En Europe, cette île veut abolir la notion de temps

En Europe, cette île veut abolir la notion de temps

L'île norvégienne de Sommarøy.

Les habitants de l'île de Sommarøy, en Norvège, militent pour abolir la notion de temps pour disposer de plus de flexibilité dans les horaires de travail et d'école afin de profiter au mieux de leurs longues journées d'été.

La population de cette île située au nord du cercle polaire arctique, où le soleil ne se couche pas pendant 69 jours, s’efforce de supprimer les heures de travail traditionnelles et le « chronométrage conventionnel » pendant la période du soleil de minuit qui dure du 18 mai au 26 juillet, a déclaré mercredi Kjell Ove Hveding, à l’origine de la campagne « Sommarøy: Let’s stop time ».

Le 13 juin, Hveding avait rencontré un législateur norvégien pour présenter une pétition signée par des dizaines d’habitants de l’île et réclamer la création d’une « zone libre de temps », ainsi que pour discuter de ses défis pratiques et juridiques.

Ne pas avoir d’horloge « est une excellente solution »

« Pour beaucoup d’entre nous, mettre cela par écrit signifierait simplement formaliser quelque chose que nous pratiquons depuis des générations: c’est-à-dire une vie libre et hors du temps », a expliqué M. Hveding.

Ne pas avoir d’horloge « est une excellente solution, mais nous ne deviendrons probablement pas une zone totalement libre de temps car ce serait trop complexe », a souligné Hveding, ajoutant que « nous avons mis l’élément temps à l’ordre du jour, et nous aurions peut-être plus de flexibilité pour nous adapter à la lumière du jour ».

« L’idée est aussi de se détendre.

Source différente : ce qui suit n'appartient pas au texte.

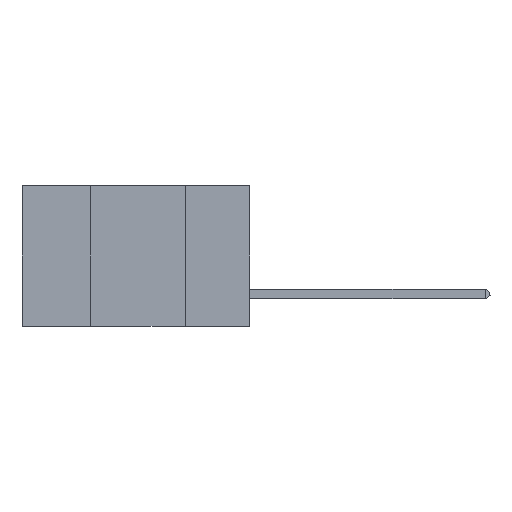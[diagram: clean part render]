
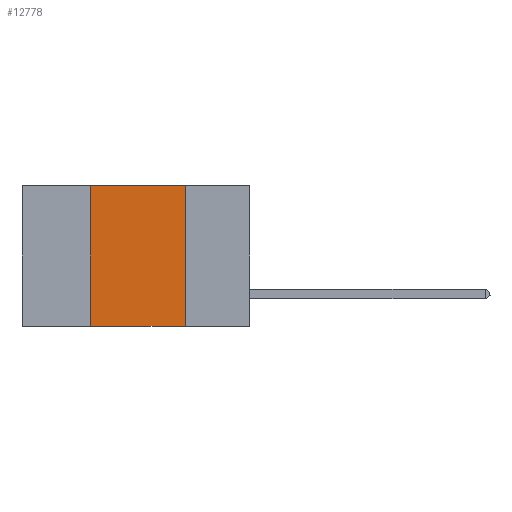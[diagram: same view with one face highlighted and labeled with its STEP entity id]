
A CAD part, left-side view. The second image highlights one B-rep face of the part: STEP entity #12778.
In plain terms, the highlighted planar face has unit normal (-1, 0, 0).
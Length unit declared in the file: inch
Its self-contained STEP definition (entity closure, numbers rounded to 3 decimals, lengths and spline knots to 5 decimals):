
#7 = ORIENTED_EDGE ( 'NONE', *, *, #7599, .T. ) ;
#160 = CARTESIAN_POINT ( 'NONE',  ( 0., 0.42, 0. ) ) ;
#171 = DIRECTION ( 'NONE',  ( 1., 0., 0. ) ) ;
#1621 = CARTESIAN_POINT ( 'NONE',  ( 0., 0.6, 0. ) ) ;
#1800 = LINE ( 'NONE', #12153, #13330 ) ;
#2288 = DIRECTION ( 'NONE',  ( 0., 0., -1. ) ) ;
#2576 = AXIS2_PLACEMENT_3D ( 'NONE', #3115, #171, #2288 ) ;
#3115 = CARTESIAN_POINT ( 'NONE',  ( 0., 0.6, 0. ) ) ;
#3190 = CARTESIAN_POINT ( 'NONE',  ( 0., 0.17, 0. ) ) ;
#3775 = CARTESIAN_POINT ( 'NONE',  ( 0., 0.6, -0.37 ) ) ;
#3912 = DIRECTION ( 'NONE',  ( 0., -1., 0. ) ) ;
#4678 = DIRECTION ( 'NONE',  ( 0., 0., 1. ) ) ;
#5583 = VERTEX_POINT ( 'NONE', #11381 ) ;
#5600 = VECTOR ( 'NONE', #4678, 39.37008 ) ;
#5687 = ORIENTED_EDGE ( 'NONE', *, *, #10319, .F. ) ;
#5818 = DIRECTION ( 'NONE',  ( 0., -1., 0. ) ) ;
#5885 = FACE_OUTER_BOUND ( 'NONE', #7045, .T. ) ;
#6070 = CARTESIAN_POINT ( 'NONE',  ( 0., 0.17, -0.37 ) ) ;
#6139 = CARTESIAN_POINT ( 'NONE',  ( 0., 0.42, -0.37 ) ) ;
#7045 = EDGE_LOOP ( 'NONE', ( #13241, #7815, #5687, #7 ) ) ;
#7198 = VECTOR ( 'NONE', #3912, 39.37008 ) ;
#7435 = PLANE ( 'NONE',  #2576 ) ;
#7501 = EDGE_CURVE ( 'NONE', #13148, #10905, #1800, .T. ) ;
#7599 = EDGE_CURVE ( 'NONE', #9623, #10905, #12448, .T. ) ;
#7815 = ORIENTED_EDGE ( 'NONE', *, *, #12726, .F. ) ;
#9623 = VERTEX_POINT ( 'NONE', #6139 ) ;
#10319 = EDGE_CURVE ( 'NONE', #9623, #5583, #12390, .T. ) ;
#10905 = VERTEX_POINT ( 'NONE', #6070 ) ;
#11381 = CARTESIAN_POINT ( 'NONE',  ( 0., 0.42, 0. ) ) ;
#11496 = VECTOR ( 'NONE', #5818, 39.37008 ) ;
#12153 = CARTESIAN_POINT ( 'NONE',  ( 0., 0.17, 0. ) ) ;
#12338 = DIRECTION ( 'NONE',  ( 0., 0., -1. ) ) ;
#12390 = LINE ( 'NONE', #160, #5600 ) ;
#12448 = LINE ( 'NONE', #3775, #7198 ) ;
#12726 = EDGE_CURVE ( 'NONE', #5583, #13148, #14431, .T. ) ;
#12778 = ADVANCED_FACE ( 'NONE', ( #5885 ), #7435, .F. ) ;
#13148 = VERTEX_POINT ( 'NONE', #3190 ) ;
#13241 = ORIENTED_EDGE ( 'NONE', *, *, #7501, .F. ) ;
#13330 = VECTOR ( 'NONE', #12338, 39.37008 ) ;
#14431 = LINE ( 'NONE', #1621, #11496 ) ;
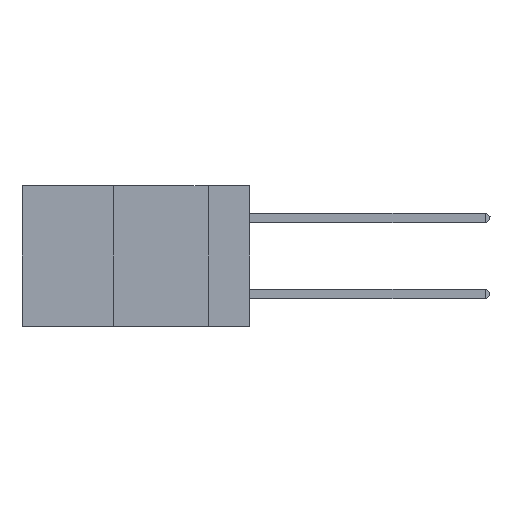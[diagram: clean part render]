
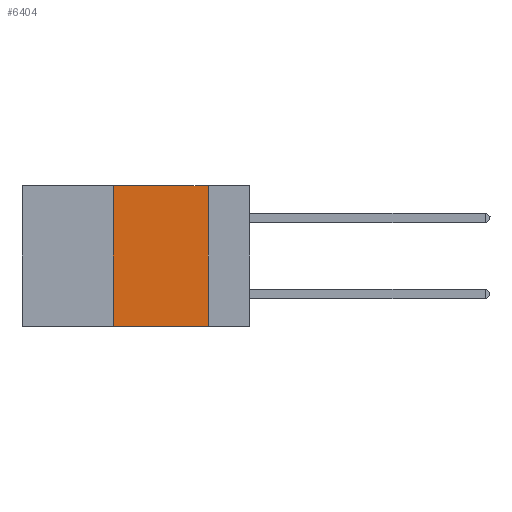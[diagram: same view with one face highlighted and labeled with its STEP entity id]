
A CAD part, left-side view. The second image highlights one B-rep face of the part: STEP entity #6404.
In plain terms, the highlighted planar face has unit normal (-1, 0, 0).
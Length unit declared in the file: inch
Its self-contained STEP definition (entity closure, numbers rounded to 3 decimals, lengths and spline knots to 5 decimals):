
#339 = EDGE_CURVE ( 'NONE', #21649, #14203, #18174, .T. ) ;
#425 = LINE ( 'NONE', #21379, #4924 ) ;
#675 = VECTOR ( 'NONE', #14414, 39.37008 ) ;
#857 = DIRECTION ( 'NONE',  ( 0., 0., -1. ) ) ;
#3377 = VECTOR ( 'NONE', #14119, 39.37008 ) ;
#4443 = VERTEX_POINT ( 'NONE', #21077 ) ;
#4924 = VECTOR ( 'NONE', #12440, 39.37008 ) ;
#5138 = VECTOR ( 'NONE', #13852, 39.37008 ) ;
#5827 = ORIENTED_EDGE ( 'NONE', *, *, #21947, .F. ) ;
#5850 = ORIENTED_EDGE ( 'NONE', *, *, #11105, .F. ) ;
#6056 = ORIENTED_EDGE ( 'NONE', *, *, #17586, .F. ) ;
#6404 = ADVANCED_FACE ( 'NONE', ( #6600 ), #21214, .F. ) ;
#6600 = FACE_OUTER_BOUND ( 'NONE', #12469, .T. ) ;
#6758 = ORIENTED_EDGE ( 'NONE', *, *, #339, .T. ) ;
#7072 = CARTESIAN_POINT ( 'NONE',  ( 0., 0.6, -0.37 ) ) ;
#8430 = VERTEX_POINT ( 'NONE', #12330 ) ;
#10162 = CARTESIAN_POINT ( 'NONE',  ( 0., 0.11, -0.37 ) ) ;
#10342 = CARTESIAN_POINT ( 'NONE',  ( 0., 0.6, 0. ) ) ;
#10766 = LINE ( 'NONE', #23344, #675 ) ;
#10938 = AXIS2_PLACEMENT_3D ( 'NONE', #10342, #12184, #857 ) ;
#11105 = EDGE_CURVE ( 'NONE', #4443, #8430, #10766, .T. ) ;
#12010 = CARTESIAN_POINT ( 'NONE',  ( 0., 0.11, 0. ) ) ;
#12184 = DIRECTION ( 'NONE',  ( 1., 0., 0. ) ) ;
#12330 = CARTESIAN_POINT ( 'NONE',  ( 0., 0.11, 0. ) ) ;
#12440 = DIRECTION ( 'NONE',  ( 0., 0., 1. ) ) ;
#12469 = EDGE_LOOP ( 'NONE', ( #5827, #5850, #6056, #6758 ) ) ;
#13852 = DIRECTION ( 'NONE',  ( 0., 0., -1. ) ) ;
#14119 = DIRECTION ( 'NONE',  ( 0., -1., 0. ) ) ;
#14203 = VERTEX_POINT ( 'NONE', #10162 ) ;
#14414 = DIRECTION ( 'NONE',  ( 0., -1., 0. ) ) ;
#17586 = EDGE_CURVE ( 'NONE', #21649, #4443, #425, .T. ) ;
#18174 = LINE ( 'NONE', #7072, #3377 ) ;
#19269 = LINE ( 'NONE', #12010, #5138 ) ;
#20211 = CARTESIAN_POINT ( 'NONE',  ( 0., 0.36, -0.37 ) ) ;
#21077 = CARTESIAN_POINT ( 'NONE',  ( 0., 0.36, 0. ) ) ;
#21214 = PLANE ( 'NONE',  #10938 ) ;
#21379 = CARTESIAN_POINT ( 'NONE',  ( 0., 0.36, 0. ) ) ;
#21649 = VERTEX_POINT ( 'NONE', #20211 ) ;
#21947 = EDGE_CURVE ( 'NONE', #8430, #14203, #19269, .T. ) ;
#23344 = CARTESIAN_POINT ( 'NONE',  ( 0., 0.6, 0. ) ) ;
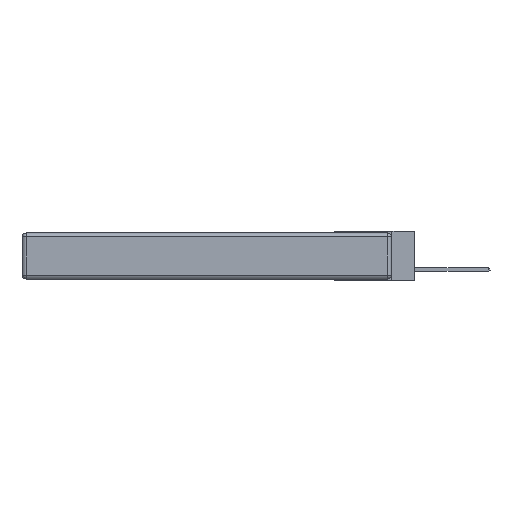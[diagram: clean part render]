
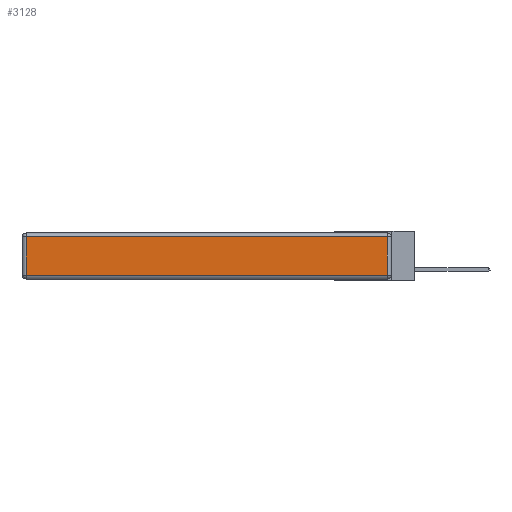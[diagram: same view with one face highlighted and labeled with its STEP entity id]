
A CAD part, left-side view. The second image highlights one B-rep face of the part: STEP entity #3128.
In plain terms, the highlighted planar face has unit normal (-1, 0, 0).
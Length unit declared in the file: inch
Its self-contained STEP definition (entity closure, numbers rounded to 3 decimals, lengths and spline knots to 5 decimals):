
#46 = VERTEX_POINT ( 'NONE', #11455 ) ;
#108 = EDGE_CURVE ( 'NONE', #46, #2819, #24132, .T. ) ;
#532 = CARTESIAN_POINT ( 'NONE',  ( 0., 2.72, -0.343 ) ) ;
#1412 = DIRECTION ( 'NONE',  ( 0., 0., 1. ) ) ;
#2013 = VECTOR ( 'NONE', #3835, 39.37008 ) ;
#2528 = LINE ( 'NONE', #16088, #21951 ) ;
#2819 = VERTEX_POINT ( 'NONE', #11064 ) ;
#3128 = ADVANCED_FACE ( 'NONE', ( #13150 ), #20391, .T. ) ;
#3175 = EDGE_LOOP ( 'NONE', ( #21497, #4544, #12583, #5914 ) ) ;
#3835 = DIRECTION ( 'NONE',  ( 0., 0., 1. ) ) ;
#4321 = DIRECTION ( 'NONE',  ( 0., 0., -1. ) ) ;
#4544 = ORIENTED_EDGE ( 'NONE', *, *, #5593, .T. ) ;
#4854 = DIRECTION ( 'NONE',  ( 0., -1., 0. ) ) ;
#5593 = EDGE_CURVE ( 'NONE', #21243, #46, #8501, .T. ) ;
#5683 = LINE ( 'NONE', #532, #8056 ) ;
#5914 = ORIENTED_EDGE ( 'NONE', *, *, #14755, .T. ) ;
#8056 = VECTOR ( 'NONE', #4321, 39.37008 ) ;
#8501 = LINE ( 'NONE', #13374, #2013 ) ;
#11064 = CARTESIAN_POINT ( 'NONE',  ( 0., 2.72, -0.03 ) ) ;
#11076 = VERTEX_POINT ( 'NONE', #19252 ) ;
#11455 = CARTESIAN_POINT ( 'NONE',  ( 0., 0.03, -0.03 ) ) ;
#12583 = ORIENTED_EDGE ( 'NONE', *, *, #108, .T. ) ;
#13150 = FACE_OUTER_BOUND ( 'NONE', #3175, .T. ) ;
#13374 = CARTESIAN_POINT ( 'NONE',  ( 0., 0.03, -0.343 ) ) ;
#14486 = AXIS2_PLACEMENT_3D ( 'NONE', #20469, #20312, #1412 ) ;
#14755 = EDGE_CURVE ( 'NONE', #2819, #11076, #5683, .T. ) ;
#16088 = CARTESIAN_POINT ( 'NONE',  ( 0., 0., -0.313 ) ) ;
#17245 = DIRECTION ( 'NONE',  ( 0., 1., 0. ) ) ;
#17366 = VECTOR ( 'NONE', #17245, 39.37008 ) ;
#18269 = CARTESIAN_POINT ( 'NONE',  ( 0., 0.03, -0.313 ) ) ;
#19252 = CARTESIAN_POINT ( 'NONE',  ( 0., 2.72, -0.313 ) ) ;
#20312 = DIRECTION ( 'NONE',  ( -1., 0., 0. ) ) ;
#20391 = PLANE ( 'NONE',  #14486 ) ;
#20469 = CARTESIAN_POINT ( 'NONE',  ( 0., 0., -0.343 ) ) ;
#21188 = CARTESIAN_POINT ( 'NONE',  ( 0., 2.75, -0.03 ) ) ;
#21243 = VERTEX_POINT ( 'NONE', #18269 ) ;
#21497 = ORIENTED_EDGE ( 'NONE', *, *, #23473, .T. ) ;
#21951 = VECTOR ( 'NONE', #4854, 39.37008 ) ;
#23473 = EDGE_CURVE ( 'NONE', #11076, #21243, #2528, .T. ) ;
#24132 = LINE ( 'NONE', #21188, #17366 ) ;
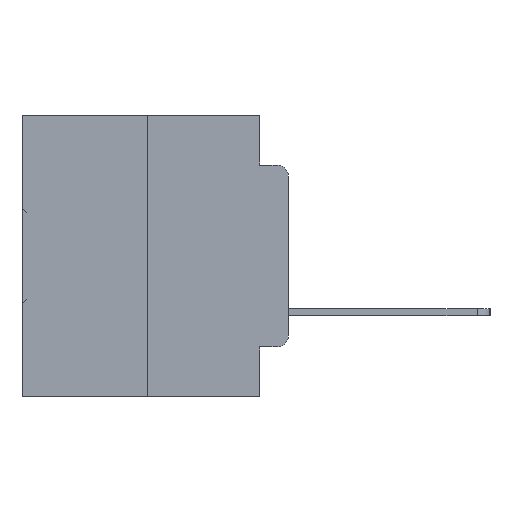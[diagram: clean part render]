
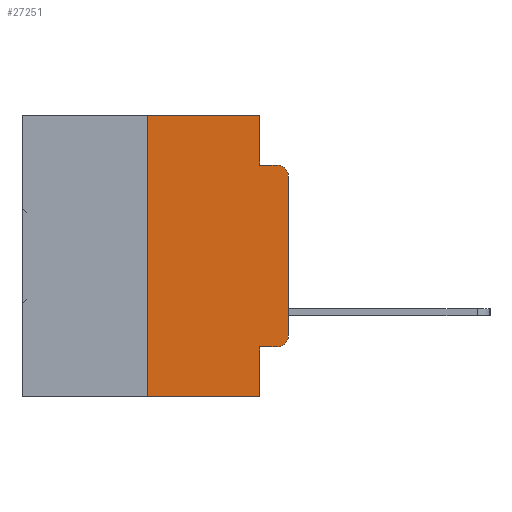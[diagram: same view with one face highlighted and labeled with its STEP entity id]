
A CAD part, left-side view. The second image highlights one B-rep face of the part: STEP entity #27251.
In plain terms, the highlighted planar face has unit normal (-1, 0, 0).
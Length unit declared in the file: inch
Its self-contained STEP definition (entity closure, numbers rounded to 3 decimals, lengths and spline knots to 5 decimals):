
#1083 = VECTOR ( 'NONE', #13055, 39.37008 ) ;
#1796 = LINE ( 'NONE', #24395, #29024 ) ;
#2334 = VECTOR ( 'NONE', #7314, 39.37008 ) ;
#2374 = EDGE_CURVE ( 'NONE', #13093, #31508, #33937, .T. ) ;
#3040 = EDGE_CURVE ( 'NONE', #16041, #23521, #32368, .T. ) ;
#3109 = AXIS2_PLACEMENT_3D ( 'NONE', #4504, #23070, #7166 ) ;
#4504 = CARTESIAN_POINT ( 'NONE',  ( 0., 0.02, -0.1085 ) ) ;
#4810 = VERTEX_POINT ( 'NONE', #4993 ) ;
#4993 = CARTESIAN_POINT ( 'NONE',  ( 0., 0.051, -0.0885 ) ) ;
#5535 = PLANE ( 'NONE',  #33943 ) ;
#5887 = ORIENTED_EDGE ( 'NONE', *, *, #2374, .T. ) ;
#7042 = CARTESIAN_POINT ( 'NONE',  ( 0., 0.25, 0. ) ) ;
#7159 = CARTESIAN_POINT ( 'NONE',  ( 0., 0.051, 0. ) ) ;
#7166 = DIRECTION ( 'NONE',  ( 0., 0., -1. ) ) ;
#7314 = DIRECTION ( 'NONE',  ( 0., -1., 0. ) ) ;
#7667 = ORIENTED_EDGE ( 'NONE', *, *, #25838, .T. ) ;
#7672 = DIRECTION ( 'NONE',  ( 0., 0., 1. ) ) ;
#8190 = DIRECTION ( 'NONE',  ( 1., 0., 0. ) ) ;
#8414 = EDGE_CURVE ( 'NONE', #27304, #4810, #19786, .T. ) ;
#8462 = ORIENTED_EDGE ( 'NONE', *, *, #19276, .F. ) ;
#8507 = FACE_OUTER_BOUND ( 'NONE', #12826, .T. ) ;
#9039 = CARTESIAN_POINT ( 'NONE',  ( 0., 0.02, -0.3915 ) ) ;
#9785 = DIRECTION ( 'NONE',  ( 0., -1., 0. ) ) ;
#9940 = VERTEX_POINT ( 'NONE', #19089 ) ;
#10230 = EDGE_CURVE ( 'NONE', #4810, #9940, #22709, .T. ) ;
#11757 = DIRECTION ( 'NONE',  ( 0., 0., -1. ) ) ;
#12416 = VECTOR ( 'NONE', #7672, 39.37008 ) ;
#12770 = CARTESIAN_POINT ( 'NONE',  ( 0., 0., -0.1085 ) ) ;
#12826 = EDGE_LOOP ( 'NONE', ( #5887, #20020, #33356, #21331, #28185, #22982, #13124, #8462, #13153, #7667 ) ) ;
#13055 = DIRECTION ( 'NONE',  ( 0., -1., 0. ) ) ;
#13093 = VERTEX_POINT ( 'NONE', #15619 ) ;
#13124 = ORIENTED_EDGE ( 'NONE', *, *, #26142, .T. ) ;
#13153 = ORIENTED_EDGE ( 'NONE', *, *, #28638, .T. ) ;
#13293 = CIRCLE ( 'NONE', #3109, 0.02 ) ;
#15243 = DIRECTION ( 'NONE',  ( 0., 0., -1. ) ) ;
#15619 = CARTESIAN_POINT ( 'NONE',  ( 0., 0., -0.3915 ) ) ;
#16041 = VERTEX_POINT ( 'NONE', #18829 ) ;
#16487 = DIRECTION ( 'NONE',  ( 0., -1., 0. ) ) ;
#17323 = VECTOR ( 'NONE', #33377, 39.37008 ) ;
#17363 = EDGE_CURVE ( 'NONE', #31508, #9940, #13293, .T. ) ;
#18829 = CARTESIAN_POINT ( 'NONE',  ( 0., 0.25, -0.5 ) ) ;
#19073 = CARTESIAN_POINT ( 'NONE',  ( 0., 0.25, 0. ) ) ;
#19089 = CARTESIAN_POINT ( 'NONE',  ( 0., 0.02, -0.0885 ) ) ;
#19231 = VECTOR ( 'NONE', #9785, 39.37008 ) ;
#19276 = EDGE_CURVE ( 'NONE', #30173, #21546, #25073, .T. ) ;
#19786 = LINE ( 'NONE', #7159, #32665 ) ;
#20020 = ORIENTED_EDGE ( 'NONE', *, *, #17363, .T. ) ;
#20042 = CARTESIAN_POINT ( 'NONE',  ( 0., 0.051, -0.5 ) ) ;
#20662 = CARTESIAN_POINT ( 'NONE',  ( 0., 0.051, -0.4115 ) ) ;
#21331 = ORIENTED_EDGE ( 'NONE', *, *, #8414, .F. ) ;
#21546 = VERTEX_POINT ( 'NONE', #20042 ) ;
#21729 = DIRECTION ( 'NONE',  ( 0., 0., 1. ) ) ;
#22709 = LINE ( 'NONE', #23228, #2334 ) ;
#22806 = EDGE_CURVE ( 'NONE', #23521, #27304, #26181, .T. ) ;
#22982 = ORIENTED_EDGE ( 'NONE', *, *, #3040, .F. ) ;
#23070 = DIRECTION ( 'NONE',  ( -1., 0., 0. ) ) ;
#23228 = CARTESIAN_POINT ( 'NONE',  ( 0., 0.051, -0.0885 ) ) ;
#23521 = VERTEX_POINT ( 'NONE', #7042 ) ;
#24047 = CARTESIAN_POINT ( 'NONE',  ( 0., 0.473, 0. ) ) ;
#24341 = CIRCLE ( 'NONE', #24500, 0.02 ) ;
#24395 = CARTESIAN_POINT ( 'NONE',  ( 0., 0.051, -0.4115 ) ) ;
#24500 = AXIS2_PLACEMENT_3D ( 'NONE', #9039, #27437, #11757 ) ;
#25073 = LINE ( 'NONE', #28268, #17323 ) ;
#25838 = EDGE_CURVE ( 'NONE', #26227, #13093, #24341, .T. ) ;
#26142 = EDGE_CURVE ( 'NONE', #16041, #21546, #28330, .T. ) ;
#26181 = LINE ( 'NONE', #28018, #19231 ) ;
#26227 = VERTEX_POINT ( 'NONE', #26307 ) ;
#26307 = CARTESIAN_POINT ( 'NONE',  ( 0., 0.02, -0.4115 ) ) ;
#26622 = DIRECTION ( 'NONE',  ( 0., 0., -1. ) ) ;
#27251 = ADVANCED_FACE ( 'NONE', ( #8507 ), #5535, .F. ) ;
#27304 = VERTEX_POINT ( 'NONE', #31858 ) ;
#27437 = DIRECTION ( 'NONE',  ( -1., 0., 0. ) ) ;
#28018 = CARTESIAN_POINT ( 'NONE',  ( 0., 0.473, 0. ) ) ;
#28185 = ORIENTED_EDGE ( 'NONE', *, *, #22806, .F. ) ;
#28268 = CARTESIAN_POINT ( 'NONE',  ( 0., 0.051, 0. ) ) ;
#28330 = LINE ( 'NONE', #28670, #1083 ) ;
#28638 = EDGE_CURVE ( 'NONE', #30173, #26227, #1796, .T. ) ;
#28670 = CARTESIAN_POINT ( 'NONE',  ( 0., 0.473, -0.5 ) ) ;
#29024 = VECTOR ( 'NONE', #16487, 39.37008 ) ;
#30173 = VERTEX_POINT ( 'NONE', #20662 ) ;
#31508 = VERTEX_POINT ( 'NONE', #12770 ) ;
#31595 = VECTOR ( 'NONE', #21729, 39.37008 ) ;
#31858 = CARTESIAN_POINT ( 'NONE',  ( 0., 0.051, 0. ) ) ;
#32368 = LINE ( 'NONE', #19073, #31595 ) ;
#32665 = VECTOR ( 'NONE', #15243, 39.37008 ) ;
#33356 = ORIENTED_EDGE ( 'NONE', *, *, #10230, .F. ) ;
#33377 = DIRECTION ( 'NONE',  ( 0., 0., -1. ) ) ;
#33718 = CARTESIAN_POINT ( 'NONE',  ( 0., 0., 0. ) ) ;
#33937 = LINE ( 'NONE', #33718, #12416 ) ;
#33943 = AXIS2_PLACEMENT_3D ( 'NONE', #24047, #8190, #26622 ) ;

J’ai vu des personnes souffrant de stress parce qu’elles étaient pressées par le temps », a-t-il noté.

Située à l’ouest de Tromsø, l’île, dont le nom signifie littéralement Summer Island (L’île d’été), compte une population de 350 habitants. La pêche et le tourisme sont ses principales industries.

L’année dernière, la Finlande a fait pression pour l’abolition de l’heure d’été de l’Union européenne après qu’une initiative citoyenne eut recueilli plus de 70.000 signatures.